In recent years, scientists at Washington University have established links between sleep problems and Alzheimer’s. For example, they have shown in people and in mice that sleep loss contributes to the growth of brain plaques characteristic of Alzheimer’s and increases the risk of dementia.
The new research, in mice, demonstrates that eliminating a protein that stimulates the brain to awaken from sleep—called orexin—made mice sleep longer and strongly slowed the production of brain plaques.
“We should be looking hard at orexin as a potential target for preventing Alzheimer’s disease,” said senior author David Holtzman, MD, chief of the Department of Neurology. “Blocking orexin to increase sleep in patients with sleep abnormalities, or perhaps even to improve sleep efficiency in healthy people, may be a way to reduce the risk of Alzheimer’s.”
Protein’s effect on sleep and plaques
Orexin is made by cells in the brain’s hypothalamus, an area of the brain responsible for hormone production, and stimulates wakefulness.
In the current study, the researchers worked with mice genetically engineered to develop a buildup of amyloid beta protein in the brain, which is characteristic of Alzheimer’s disease. When the researchers bred these mice with mice lacking the gene for orexin, their offspring slept longer and developed only half as many Alzheimer’s plaques, compared with the mice that had the orexin protein.
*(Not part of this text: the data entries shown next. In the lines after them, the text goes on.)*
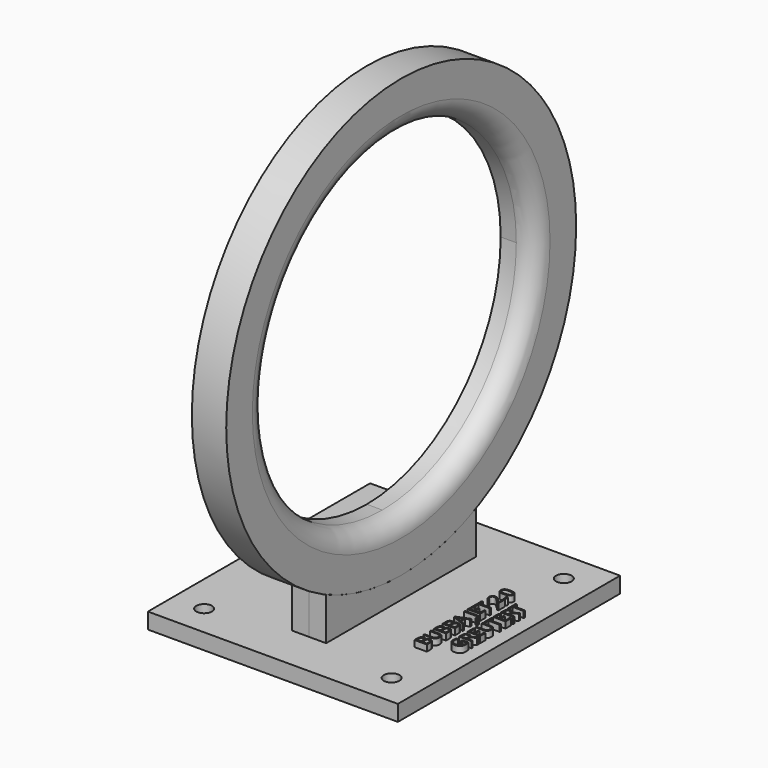
from build123d import *

# Parameters (mm, degrees)
F0_W          = 20
F0_H          = 22.225
F1_DEPTH      = 2.54
F5_DEPTH      = 2.75
F8_DEPTH      = 2.75
F11_R         = 1.25
F12_DEPTH     = 25
F13_TEXT_SIZE = 2.777778
F14_DEPTH     = 1


# Not quite as in the source:
# - a fillet or chamfer that OpenCascade refuses, or shapes differently, is made with other operations: its cross-section is extruded or revolved along the edge and cut away or added
# - Text() gives the source's letters only with a copy of the font that has no kerning and outlines rounded to 1/6400 em; it was checked with that copy


with BuildPart() as f1:
    # F0 (on Top) → F1 (new body)
    with BuildSketch(Plane.XY):
        with Locations((10, 11.1125)):
            Rectangle(F0_W, F0_H)
    extrude(amount=F1_DEPTH)

    # F3: F1 across plane


with BuildPart() as f1_1:
    add(f1.part)
    add(f1.part.mirror(Plane.YZ))

    # F4: F1 across plane


with BuildPart() as f1_2:
    add(f1_1.part)
    add(f1_1.part.mirror(Plane.XZ))


with BuildPart() as f5:
    # F2 (on Right) → F5 (new body)
    with BuildSketch(Plane.YZ):
        with BuildLine():
            ThreePointArc((0, 6), (24.748737, 16.251263), (35, 41))
            ThreePointArc((35, 41), (-24.748737, 65.748737), (0, 6))
        make_face()
        with BuildLine():
            ThreePointArc((26.775, 41), (18.932784, 22.067216), (0, 14.225))
            ThreePointArc((0, 14.225), (-18.932784, 59.932784), (26.775, 41))
        make_face(mode=Mode.SUBTRACT)
    extrude(amount=F5_DEPTH)

    # F6: F5 across plane


with BuildPart() as f5_1:
    add(f5.part)
    add(f5.part.mirror(Plane.YZ))

    # F10: fillet of radius 3 on 1 edges, made by hand

    # F10_s1 → F10_t2 (revolve, cut)
    with BuildSketch(Plane.XY.offset(41)):
        with BuildLine():
            ThreePointArc((2.75, 29.775), (1.87132, 27.65368), (-0.25, 26.775))
            Line((-0.25, 26.775), (2.75, 26.775))
            Line((2.75, 26.775), (2.75, 29.775))
        make_face()
    revolve(axis=Axis((2.75, 0, 41), (1, 0, 0)), mode=Mode.SUBTRACT)


with BuildPart() as f8:
    # F7 (on Right) → F8 (new body)
    with BuildSketch(Plane.YZ):
        with BuildLine():
            Line((-15, 9.377223), (-15, 2.54))
            Line((-15, 2.54), (15, 2.54))
            Line((15, 2.54), (15, 9.377223))
            ThreePointArc((15, 9.377223), (0, 6), (-15, 9.377223))
        make_face()
    extrude(amount=F8_DEPTH)


with BuildPart() as f9_1:
    # F9: instance of F1
    add(f1_2.part.mirror(Plane.YZ))


with BuildPart() as f9_2:
    # F9: instance of F8
    add(f8.part.mirror(Plane.YZ))


with BuildPart() as f12_tool:
    # F11 (on face) → F12 (new body)
    with BuildSketch(Plane.XY.offset(2.54)):
        with Locations((-15, -17.225)):
            Circle(F11_R)
        with Locations((-15, 17.225)):
            Circle(F11_R)
        with Locations((15, -17.225)):
            Circle(F11_R)
        with Locations((15, 17.225)):
            Circle(F11_R)
    extrude(amount=-F12_DEPTH)


with BuildPart() as f1_3:
    add(f1_2.part)

    # F12: cut by f12_tool
    add(f12_tool.part, mode=Mode.SUBTRACT)


with BuildPart() as f9_1_1:
    add(f9_1.part)

    # F12: cut by f12_tool
    add(f12_tool.part, mode=Mode.SUBTRACT)


with BuildPart() as f14:
    # F13 (on face) → F14 (new body)
    with BuildSketch(Plane.XY.offset(2.54)):
        with Locations(Location((14, -9.20204), (0, 0, 90))):
            Text('BUBBA JET 2.0', F13_TEXT_SIZE, font='Open Sans', text_align=(TextAlign.LEFT, TextAlign.BOTTOM))
        with Locations(Location((17.777778, -7.036675), (0, 0, 90))):
            Text('GREUTERT', F13_TEXT_SIZE, font='Open Sans', text_align=(TextAlign.LEFT, TextAlign.BOTTOM))
    extrude(amount=F14_DEPTH)


solid = Compound([f5_1.part, f8.part, f9_2.part, f1_3.part, f9_1_1.part, f14.part])
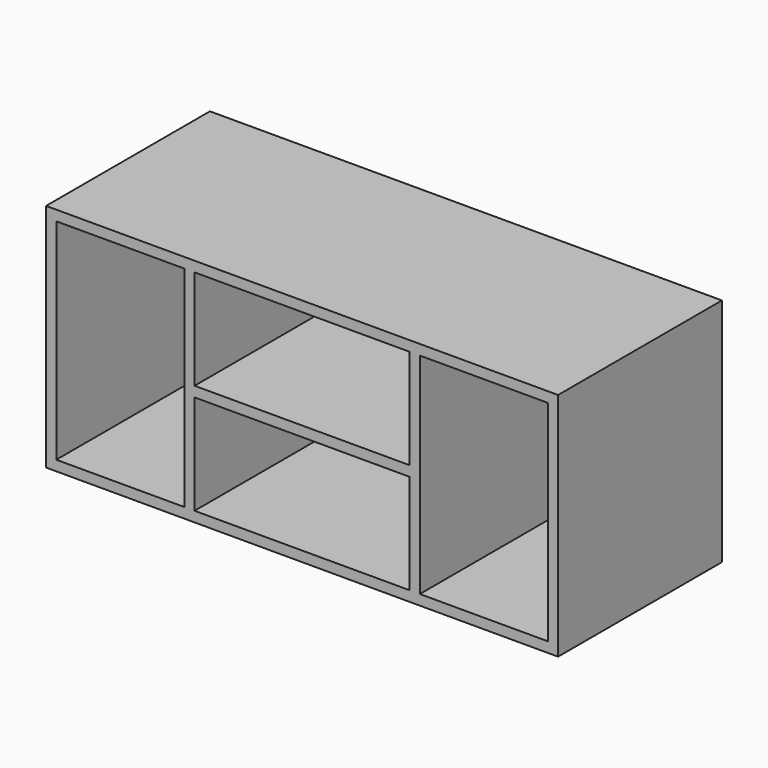
from build123d import *

# Parameters (mm, degrees)
F0_W     = 1000
F0_H     = 450
F0_W_2   = 250
F0_H_2   = 410
F0_W_3   = 420
F1_DEPTH = 200
F2_W     = 400
F2_H     = 20
F3_DEPTH = 420


# Not quite as in the source:
# - a feature names something its author has since deleted; it is built from what else it names


with BuildPart() as f1:
    # F0 (on Front) → F1 (new body, symmetric)
    with BuildSketch(Plane.XZ):
        Rectangle(F0_W, F0_H)
        with Locations((-355, 0)):
            Rectangle(F0_W_2, F0_H_2, mode=Mode.SUBTRACT)
        Rectangle(F0_W_3, F0_H_2, mode=Mode.SUBTRACT)
        with Locations((355, 0)):
            Rectangle(F0_W_2, F0_H_2, mode=Mode.SUBTRACT)
    extrude(amount=F1_DEPTH, both=True)

    # F2 (on face) → F3 (join, through all)
    with BuildSketch(Plane(origin=(210, 0, 0), x_dir=(0, -1, 0), z_dir=(-1, 0, 0))):
        Rectangle(F2_W, F2_H)
    extrude(amount=F3_DEPTH)


solid = f1.part

Low orexin levels are associated with narcolepsy, a condition marked by excessive sleepiness and frequent daytime sleeping spells. The mice with no orexin typically slept an extra hour or more during the 12-hour period when mice with orexin became more active.
When scientists reversed the experiment and artificially increased orexin levels throughout the brain, the mice stayed awake longer and developed more Alzheimer’s-like plaques.
But if the researchers changed orexin levels only in part of the brain—a change that did not affect the amount of time mice slept—plaque levels were unaffected.
“The fact that orexin can only affect plaques when it also affects sleep means we will have to think carefully about how to target it for Alzheimer’s prevention,” Holtzman said. “But the declines in plaque levels that we saw in the mice were very strong, so we’re still very interested in exploring its potential for reducing risk.”
He and his colleagues, including neurologist and first author Jee Hoon Roh, MD, PhD, currently are studying the effects of sleep medications on amyloid beta production and plaque accumulation. The FDA recently approved Belsomra, the first sleep medication that affects orexin, and the researchers hope to assess it or similar drugs in the future.
In related work, neurologist Brendan Lucey, MD, is working on a clinical study as part of Washington University’s Healthy Aging and Senile Dementia program project grant, now in its 30th consecutive year of funding. He and colleagues are measuring multiple sleep parameters, including sleep efficiency and sleep stages, and correlating them with cognitive function, cerebrospinal fluid biomarkers for Alzheimer’s, and amyloid imaging in adults 65 and older.
In a separate clinical trial, Lucey and fellow neurologist Randall Bateman, MD, are investigating whether changing sleep by either deprivation or taking Sodium Oxybate, a sedative, affects concentrations of the brain protein amyloid beta compared to control subjects.